2.1. Het standpunt van verweerder dat niet is gebleken dat sprake is van een evidence based therapie, is gebaseerd op het rapport van geneeskundig adviseur R. Loonstein, arts, van 12 maart 2012. Hierin is vermeld dat geen medisch-wetenschappelijke literatuur is gevonden over Emotioneel Lichaamswerk, dat de gespecialiseerde centra de therapie niet toepassen en dat niet is gebleken dat sprake is van een naar algemeen aanvaarde medische inzichten evidence based therapie. Daarbij is vermeld dat ook de behandelend psychiater Hopmans desgevraagd heeft aangegeven niet bekend te zijn met medisch-wetenschappelijke literatuur over Emotioneel Lichaamswerk en deze therapie slechts bij uitzondering toe te passen.
2.2. In beroep heeft appellante in dit verband naar voren gebracht dat het merendeel van de psychiatrische en psychotherapeutische behandelingen niet evidence based is. Volgens appellante komt de onderhavige therapie wel voor vergoeding in aanmerking en is daarbij van doorslaggevend belang dat de behandelend psychiater, die BIG-geregistreerd is, de therapie heeft voorgeschreven als onderdeel van een door hemzelf gegeven therapie en verklaard heeft zich er verantwoordelijk voor te voelen.
2.3. De Raad kan appellante hierin niet volgen. Uit de uitspraak van 1 december 2011 volgt dat verweerder de eis mag stellen dat naar algemeen aanvaard medisch inzicht sprake moet zijn van een evidence based therapie. Met het naar aanleiding van deze uitspraak door geneeskundig adviseur Loonstein uitgebrachte rapport van 12 maart 2012 is voldoende gemotiveerd dat in dit geval geen sprake is van een evidence based therapie. Appellante heeft daar geen andersluidende opvatting van een deskundige tegenover gesteld. Reeds op deze grond is de in geding zijnde therapie terecht niet voor vergoeding in aanmerking gebracht. Daarom kan in het midden blijven of in dit geval kan worden geacht te zijn voldaan aan de eis van een BIG-registratie, bedoeld onder 1.2.

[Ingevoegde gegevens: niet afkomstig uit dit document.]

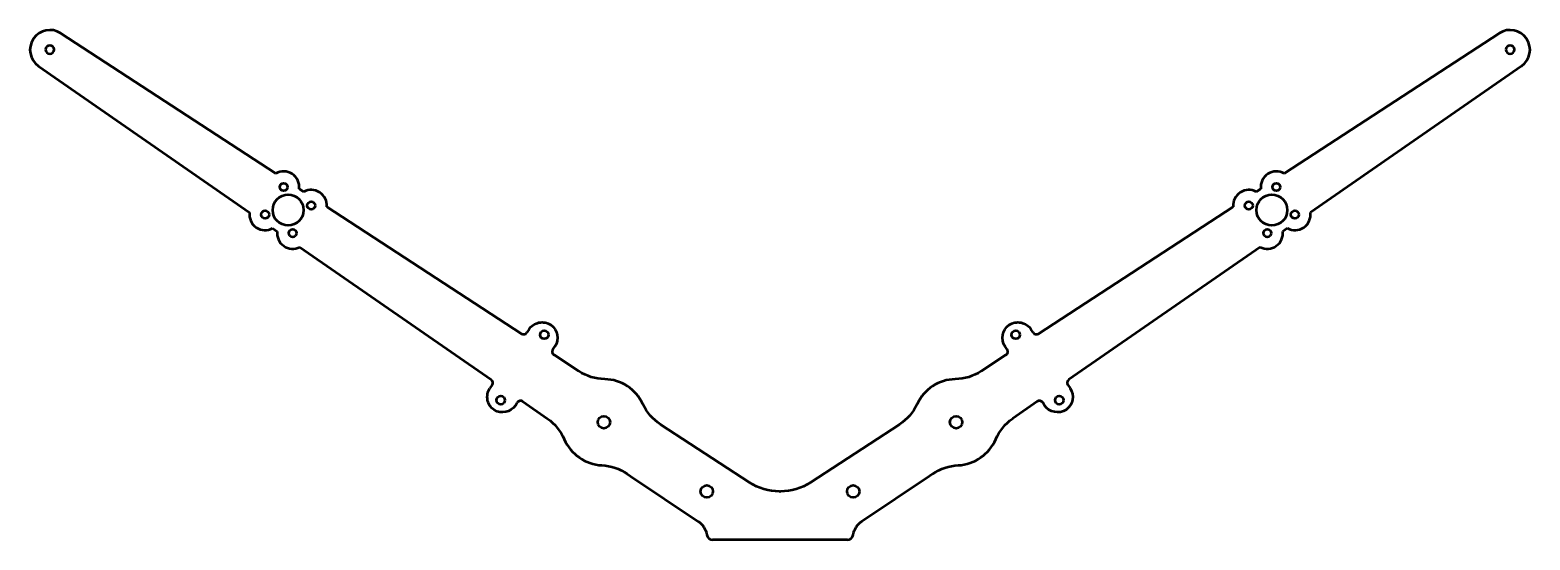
# Model space of a CAD drawing. Header units: millimetres. Extents: x 17 to 400, y 78 to 208.
import ezdxf

# ---------------------------------------------------------------- set-up
doc = ezdxf.new("R2010")
doc.units = ezdxf.units.MM
doc.header["$LTSCALE"] = 0.75
doc.layers.add('Visible', color=7, linetype='Continuous', lineweight=50)

msp = doc.modelspace()

# ---------------------------------------------------------------- linework, layer by layer
at = {"layer": 'Visible', "extrusion": (0, 2.967e-13, -1)}
for p, q in [((79.776943, 171.278913, 1.25), (24.809566, 207.11593, 1.25)), ((337.440916, 171.278913, 1.25), (392.408293, 207.11593, 1.25)), ((17.928768, 205.716209, 1.25), (17.851729, 205.601562, 1.25)), ((399.36613, 205.601562, 1.25), (399.28909, 205.716209, 1.25)), ((19.155615, 198.701962, 1.25), (73.104971, 161.349972, 1.25)), ((398.062244, 198.701962, 1.25), (344.112888, 161.349972, 1.25)), ((86.935773, 166.611578, 1.25), (85.771259, 167.370805, 1.25)), ((330.282085, 166.611578, 1.25), (331.4466, 167.370805, 1.25)), ((142.554789, 130.349713, 1.25), (92.82711, 162.77061, 1.25)), ((274.66307, 130.349713, 1.25), (324.390749, 162.77061, 1.25)), ((78.988271, 157.276653, 1.25), (80.131217, 156.48533, 1.25)), ((338.229588, 157.276653, 1.25), (337.086641, 156.48533, 1.25)), ((85.913444, 152.481989, 1.25), (134.790181, 118.642042, 1.25)), ((331.304415, 152.481989, 1.25), (282.427678, 118.642042, 1.25)), ((144.491906, 131.474071, 1.25), (143.933897, 130.63407, 1.25)), ((273.283962, 130.63407, 1.25), (272.725953, 131.474071, 1.25)), ((150.588116, 126.320889, 1.25), (151.091375, 127.072137, 1.25)), ((266.629743, 126.320889, 1.25), (266.126484, 127.072137, 1.25)), ((157.257392, 120.764073, 1.25), (150.872778, 124.926643, 1.25)), ((259.960467, 120.764073, 1.25), (266.345081, 124.926643, 1.25)), ((135.053906, 117.266535, 1.25), (134.49059, 116.418545, 1.25)), ((282.163953, 117.266535, 1.25), (282.728571, 116.416584, 1.25)), ((141.030048, 112.05293, 1.25), (141.503239, 112.759294, 1.25)), ((142.903284, 113.024912, 1.25), (149.150449, 108.699669, 1.25)), ((274.314575, 113.024912, 1.25), (268.06741, 108.699669, 1.25)), ((276.186501, 112.054886, 1.25), (275.71462, 112.759294, 1.25)), ((178.088508, 107.182834, 1.25), (200.839632, 92.349811, 1.25)), ((239.12935, 107.182834, 1.25), (216.378227, 92.349811, 1.25)), ((169.595764, 94.544297, 1.25), (170.418452, 93.974707, 1.25)), ((170.418452, 93.974707, 1.25), (187.734156, 82.412368, 1.25)), ((246.799407, 93.974707, 1.25), (229.483702, 82.412368, 1.25)), ((247.622095, 94.544297, 1.25), (246.799407, 93.974707, 1.25)), ((208.485693, 90.07746, 1.25), (208.732166, 90.07746, 1.25)), ((225.824303, 77.664197, 1.25), (191.393556, 77.664197, 1.25))]:
    msp.add_line(p, q, dxfattribs=at)
for centre in [(-22.07883, 202.927484, -1.25), (-395.139029, 202.927484, -1.25)]:
    msp.add_circle(centre, 1.075, dxfattribs=at)
at = {"layer": 'Visible'}
for centre, radius in [((81.797319, 167.826656, 1.25), 1), ((335.42054, 167.826656, 1.25), 1), ((82.952451, 161.9389, 1.25), 3.95), ((334.265408, 161.9389, 1.25), 3.95), ((77.064695, 160.783768, 1.25), 1), ((88.840207, 163.094032, 1.25), 1), ((328.377652, 163.094032, 1.25), 1), ((340.153164, 160.783768, 1.25), 1), ((84.107583, 156.051144, 1.25), 1), ((333.110276, 156.051144, 1.25), 1), ((148.377143, 130.093797, 1.25), 1.075), ((268.840716, 130.093797, 1.25), 1.075), ((137.268554, 113.371431, 1.25), 1.075), ((279.949305, 113.371431, 1.25), 1.075), ((163.608929, 107.739996, 1.25), 1.575), ((253.608929, 107.739996, 1.25), 1.575), ((189.893556, 90.07746, 1.25), 1.575), ((227.324303, 90.07746, 1.25), 1.575)]:
    msp.add_circle(centre, radius, dxfattribs=at)
for centre, radius, start, end in [((22.07883, 202.927484, 1.25), 5, 56.896902, 146.1), ((395.139029, 202.927484, 1.25), 5, 33.9, 123.103098), ((22.00179, 202.812836, 1.25), 5, 146.1, 235.303098), ((395.216069, 202.812836, 1.25), 5, 304.696902, 33.9), ((81.797319, 167.826656, 1.25), 4, 353.456199, 120.337605), ((335.42054, 167.826656, 1.25), 4, 59.662395, 186.543801), ((88.840207, 163.094032, 1.25), 4, 355.362261, 118.431543), ((328.377652, 163.094032, 1.25), 4, 61.568457, 184.637739), ((77.064695, 160.783768, 1.25), 4, 171.862395, 298.743801), ((340.153164, 160.783768, 1.25), 4, 241.256199, 8.137605), ((84.107583, 156.051144, 1.25), 4, 173.768457, 296.837739), ((333.110276, 156.051144, 1.25), 4, 243.162261, 6.231543), ((143.100936, 131.187402, 1.25), 1, 236.896902, 326.404098), ((274.116923, 131.187402, 1.25), 1, 213.595902, 303.103098), ((151.418925, 125.764332, 1.25), 1, 146.181975, 236.896902), ((265.798934, 125.764332, 1.25), 1, 303.103098, 33.818025), ((134.220945, 117.819867, 1.25), 1, 326.404098, 55.303098), ((163.608929, 107.739996, 1.25), 11, 24.952729, 88.841076), ((253.608929, 107.739996, 1.25), 11, 91.158924, 155.047271), ((282.996913, 117.819867, 1.25), 1, 124.696902, 213.595902), ((142.334049, 112.202737, 1.25), 1, 55.303098, 146.181975), ((274.88381, 112.202737, 1.25), 1, 33.818025, 124.696902), ((163.608929, 107.739996, 1.25), 11, 203.358924, 267.247271), ((253.608929, 107.739996, 1.25), 11, 272.752729, 336.641076), ((191.393556, 79.164197, 1.25), 1.5, 188.048067, 270), ((225.824303, 79.164197, 1.25), 1.5, 270, 351.951933)]:
    msp.add_arc(centre, radius, start, end, dxfattribs=at)
at = {"layer": 'Visible', "extrusion": (0, 2.967e-13, -1)}
for centre, radius, start, end in [((-147.823749, 129.260743, -1.25), 4, 33.595902, 123.597502), ((-147.768137, 129.298365, -1.25), 4, 124.559262, 213.818025), ((-269.449722, 129.298365, -1.25), 4, 326.181975, 55.440738), ((-269.39411, 129.260743, -1.25), 4, 56.402498, 146.404098), ((-164.084233, 131.235188, -1.25), 12.5, 271.158924, 303.103098), ((-253.133626, 131.235188, -1.25), 12.5, 236.896902, 268.841076), ((-137.822434, 114.205217, -1.25), 4, 303.581715, 33.595902), ((-279.396728, 114.203256, -1.25), 4, 146.404098, 234.452456), ((-137.70681, 114.279158, -1.25), 4, 213.818025, 301.615738), ((-184.915349, 117.653949, -1.25), 12.5, 303.103098, 335.047271), ((-232.30251, 117.653949, -1.25), 12.5, 204.952729, 236.896902), ((-279.509738, 114.281114, -1.25), 4, 236.418285, 326.181975), ((-142.03501, 98.422484, -1.25), 12.5, 124.696902, 156.641076), ((-275.182848, 98.422484, -1.25), 12.5, 23.358924, 55.303098), ((-162.480326, 84.267112, -1.25), 12.5, 92.752729, 124.696902), ((-254.737533, 84.267112, -1.25), 12.5, 55.303098, 87.247271), ((-208.485693, 104.07746, -1.25), 14, 270, 303.103098), ((-208.732166, 104.07746, -1.25), 14, 236.896902, 270), ((-184.957575, 78.254172, -1.25), 5, 123.732509, 171.951933), ((-232.260284, 78.254172, -1.25), 5, 8.048067, 56.267491)]:
    msp.add_arc(centre, radius, start, end, dxfattribs=at)

doc.saveas('drawing.dxf')

2.4. Uit het voorgaande volgt dat het beroep ongegrond moet worden verklaard.
3. Voor een proceskostenveroordeling is geen aanleiding.
BESLISSING
De Centrale Raad van Beroep verklaart het beroep ongegrond.
Deze uitspraak is gedaan door A. Beuker-Tilstra als voorzitter en R. Kooper en B.J. van de Griend als leden, in tegenwoordigheid van R. Scheffer als griffier. De beslissing is uitgesproken in het openbaar op 20 december 2012.